I'm facing some strange things with my ELK stack.
Since 2/3 days, some datastreams have lost some indices, storage size went to 0 docs and 0b ! Those indices are random in the timeline.
It also seems to not write anymore in new indices...

Any idea what could go wrong ?

P.S.: At the moment, the elastic disk storage is full at 90% (100Go left) on the hot node, and 85% (73Go left) on the warm node.

I would start from looking into logs for Elasticsearch - it's often pretty verbose, especially in DEBUG log level.

Can you look at the logs and maybe grep by the index names to see what Elasticsearch reported?

After investigating, it seems that when you reach the 90% watermark, elastic try to free space by moving some indices to another 'same' node (hot/warm/cold), and stop writing/indexing new entries.
But in my case, I only have 1 hot and 1 warm node, without replicas.

I managed to delete some old indices to gain free space, and elastic start rebalancing the indices.
To solve this with a more long term solution, I guess I have to increase the size of my data disks.
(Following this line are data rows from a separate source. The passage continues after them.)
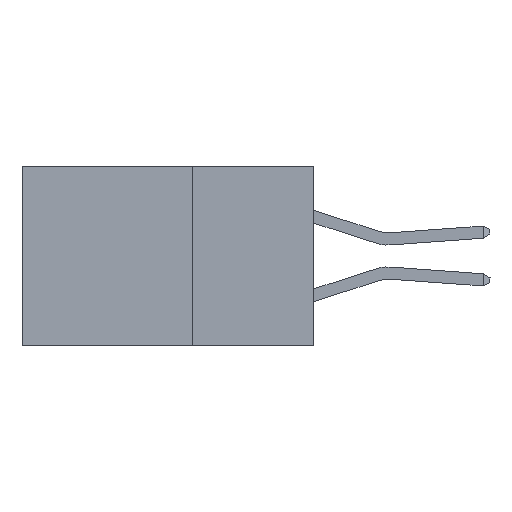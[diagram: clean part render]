
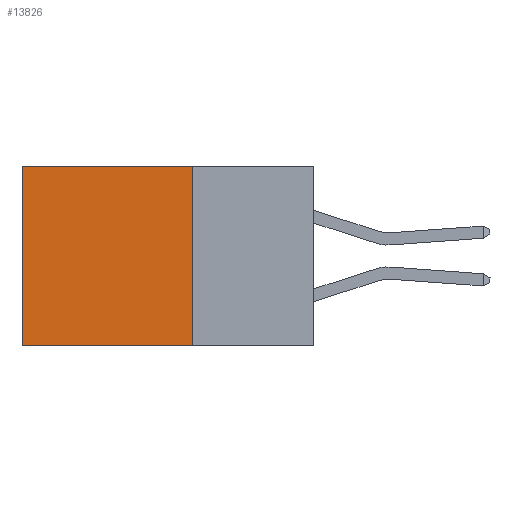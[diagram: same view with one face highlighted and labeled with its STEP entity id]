
A CAD part, left-side view. The second image highlights one B-rep face of the part: STEP entity #13826.
In plain terms, the highlighted planar face has unit normal (-1, 0, 0).
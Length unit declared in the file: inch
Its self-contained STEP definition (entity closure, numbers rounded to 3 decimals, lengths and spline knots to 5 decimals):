
#1235 = CARTESIAN_POINT ( 'NONE',  ( 0.2875, 0.25, 0. ) ) ;
#1598 = PLANE ( 'NONE',  #5657 ) ;
#1901 = EDGE_CURVE ( 'NONE', #15856, #14536, #5778, .T. ) ;
#2462 = CARTESIAN_POINT ( 'NONE',  ( 0.2875, 0.6, 0. ) ) ;
#3308 = CARTESIAN_POINT ( 'NONE',  ( 0.2875, 0.25, 0. ) ) ;
#3393 = CARTESIAN_POINT ( 'NONE',  ( 0.2875, 0.25, 0. ) ) ;
#3490 = DIRECTION ( 'NONE',  ( 1., 0., 0. ) ) ;
#3744 = ORIENTED_EDGE ( 'NONE', *, *, #20400, .F. ) ;
#5325 = EDGE_CURVE ( 'NONE', #14536, #8413, #16900, .T. ) ;
#5657 = AXIS2_PLACEMENT_3D ( 'NONE', #3308, #3490, #24031 ) ;
#5778 = LINE ( 'NONE', #3393, #18845 ) ;
#5801 = CARTESIAN_POINT ( 'NONE',  ( 0.2875, 0.6, 0. ) ) ;
#6552 = DIRECTION ( 'NONE',  ( 0., 0., -1. ) ) ;
#7991 = CARTESIAN_POINT ( 'NONE',  ( 0.2875, 0.25, -0.37 ) ) ;
#8375 = CARTESIAN_POINT ( 'NONE',  ( 0.2875, 0.25, 0. ) ) ;
#8382 = ORIENTED_EDGE ( 'NONE', *, *, #1901, .T. ) ;
#8413 = VERTEX_POINT ( 'NONE', #8489 ) ;
#8489 = CARTESIAN_POINT ( 'NONE',  ( 0.2875, 0.6, -0.37 ) ) ;
#9572 = DIRECTION ( 'NONE',  ( 0., 1., 0. ) ) ;
#9829 = EDGE_LOOP ( 'NONE', ( #14159, #3744, #17480, #8382 ) ) ;
#10152 = LINE ( 'NONE', #22828, #23883 ) ;
#11497 = VECTOR ( 'NONE', #13036, 39.37008 ) ;
#12923 = LINE ( 'NONE', #8375, #21164 ) ;
#13036 = DIRECTION ( 'NONE',  ( 0., 0., -1. ) ) ;
#13826 = ADVANCED_FACE ( 'NONE', ( #20928 ), #1598, .F. ) ;
#14159 = ORIENTED_EDGE ( 'NONE', *, *, #5325, .T. ) ;
#14536 = VERTEX_POINT ( 'NONE', #5801 ) ;
#15856 = VERTEX_POINT ( 'NONE', #1235 ) ;
#16900 = LINE ( 'NONE', #2462, #11497 ) ;
#17035 = VERTEX_POINT ( 'NONE', #7991 ) ;
#17480 = ORIENTED_EDGE ( 'NONE', *, *, #25706, .F. ) ;
#18845 = VECTOR ( 'NONE', #9572, 39.37008 ) ;
#20400 = EDGE_CURVE ( 'NONE', #17035, #8413, #10152, .T. ) ;
#20592 = DIRECTION ( 'NONE',  ( 0., 1., 0. ) ) ;
#20928 = FACE_OUTER_BOUND ( 'NONE', #9829, .T. ) ;
#21164 = VECTOR ( 'NONE', #6552, 39.37008 ) ;
#22828 = CARTESIAN_POINT ( 'NONE',  ( 0.2875, 0.25, -0.37 ) ) ;
#23883 = VECTOR ( 'NONE', #20592, 39.37008 ) ;
#24031 = DIRECTION ( 'NONE',  ( 0., 0., -1. ) ) ;
#25706 = EDGE_CURVE ( 'NONE', #15856, #17035, #12923, .T. ) ;
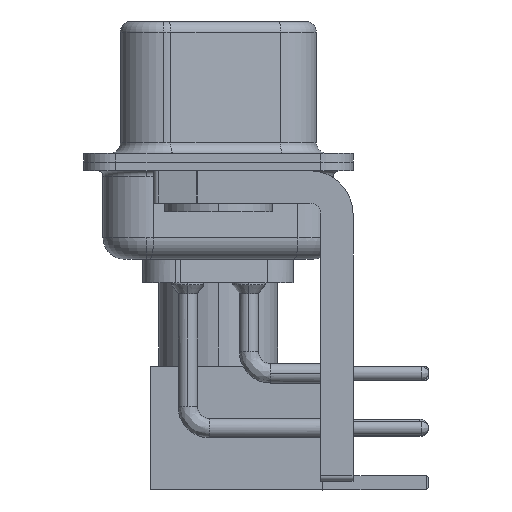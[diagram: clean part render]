
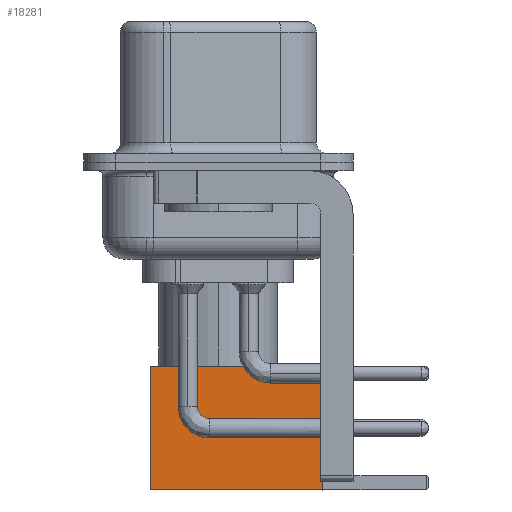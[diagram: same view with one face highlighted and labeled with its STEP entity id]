
A CAD part, left-side view. The second image highlights one B-rep face of the part: STEP entity #18281.
In plain terms, the highlighted face is planar.
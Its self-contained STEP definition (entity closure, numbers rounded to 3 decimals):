
#93 = VERTEX_POINT ( 'NONE', #4038 ) ;
#153 = VECTOR ( 'NONE', #9413, 1000. ) ;
#887 = CARTESIAN_POINT ( 'NONE',  ( 2.875, 2.875, 8. ) ) ;
#2328 = EDGE_CURVE ( 'NONE', #16856, #10731, #29986, .T. ) ;
#4038 = CARTESIAN_POINT ( 'NONE',  ( 2.875, 2.875, 0. ) ) ;
#6540 = DIRECTION ( 'NONE',  ( 0., 0., 1. ) ) ;
#8119 = DIRECTION ( 'NONE',  ( 0., 0., -1. ) ) ;
#8791 = DIRECTION ( 'NONE',  ( -1., 0., 0. ) ) ;
#9172 = PLANE ( 'NONE',  #15245 ) ;
#9413 = DIRECTION ( 'NONE',  ( -1., 0., 0. ) ) ;
#9821 = VECTOR ( 'NONE', #8119, 1000. ) ;
#9981 = VECTOR ( 'NONE', #8791, 1000. ) ;
#10731 = VERTEX_POINT ( 'NONE', #29475 ) ;
#12110 = CARTESIAN_POINT ( 'NONE',  ( -2.875, 2.875, 0. ) ) ;
#12470 = LINE ( 'NONE', #22508, #9821 ) ;
#14607 = VECTOR ( 'NONE', #26031, 1000. ) ;
#15245 = AXIS2_PLACEMENT_3D ( 'NONE', #20641, #15693, #6540 ) ;
#15374 = VERTEX_POINT ( 'NONE', #20672 ) ;
#15693 = DIRECTION ( 'NONE',  ( 0., 1., 0. ) ) ;
#16826 = ORIENTED_EDGE ( 'NONE', *, *, #22815, .F. ) ;
#16856 = VERTEX_POINT ( 'NONE', #887 ) ;
#18281 = ADVANCED_FACE ( 'NONE', ( #23263 ), #9172, .T. ) ;
#18965 = CARTESIAN_POINT ( 'NONE',  ( 0., 2.875, 8. ) ) ;
#19056 = EDGE_CURVE ( 'NONE', #16856, #93, #12470, .T. ) ;
#19763 = EDGE_LOOP ( 'NONE', ( #28273, #24689, #16826, #20903 ) ) ;
#20641 = CARTESIAN_POINT ( 'NONE',  ( 2.875, 2.875, 0. ) ) ;
#20672 = CARTESIAN_POINT ( 'NONE',  ( -2.875, 2.875, 0. ) ) ;
#20826 = EDGE_CURVE ( 'NONE', #93, #15374, #28123, .T. ) ;
#20903 = ORIENTED_EDGE ( 'NONE', *, *, #2328, .F. ) ;
#22508 = CARTESIAN_POINT ( 'NONE',  ( 2.875, 2.875, 0. ) ) ;
#22815 = EDGE_CURVE ( 'NONE', #10731, #15374, #23570, .T. ) ;
#23263 = FACE_OUTER_BOUND ( 'NONE', #19763, .T. ) ;
#23570 = LINE ( 'NONE', #12110, #14607 ) ;
#24689 = ORIENTED_EDGE ( 'NONE', *, *, #20826, .T. ) ;
#25809 = CARTESIAN_POINT ( 'NONE',  ( 0., 2.875, 0. ) ) ;
#26031 = DIRECTION ( 'NONE',  ( 0., 0., -1. ) ) ;
#28123 = LINE ( 'NONE', #25809, #153 ) ;
#28273 = ORIENTED_EDGE ( 'NONE', *, *, #19056, .T. ) ;
#29475 = CARTESIAN_POINT ( 'NONE',  ( -2.875, 2.875, 8. ) ) ;
#29986 = LINE ( 'NONE', #18965, #9981 ) ;

Is it possible to change those watermarks to 95% for example, because I loose near 100Go of disk space on the hot node with this one ?

You can indeed update watermarks following the docs: Fix watermark errors | Elasticsearch Guide [8.15] | Elastic

This should be the setting you're looking for: Cluster-level shard allocation and routing settings | Elasticsearch Guide [8.15] | Elastic

cluster.routing.allocation.disk.watermark.high logo cloud
(Dynamic) Controls the high watermark. It defaults to 90%, meaning that Elasticsearch will attempt to relocate shards away from a node whose disk usage is above 90%. It can alternatively be set to a ratio value, e.g., 0.9. It can also be set to an absolute byte value (similarly to the low watermark) to relocate shards away from a node if it has less than the specified amount of free space. This setting affects the allocation of all shards, whether previously allocated or not.

PUT _cluster/settings
{
  "persistent": {
    "cluster.routing.allocation.disk.watermark.high": "95%"
  }
}

However, it's still highly recommended to increase number of nodes or increase the storage size - at some point you'll reach this watermark and there will be no way out of it.

This topic was automatically closed 28 days after the last reply. New replies are no longer allowed.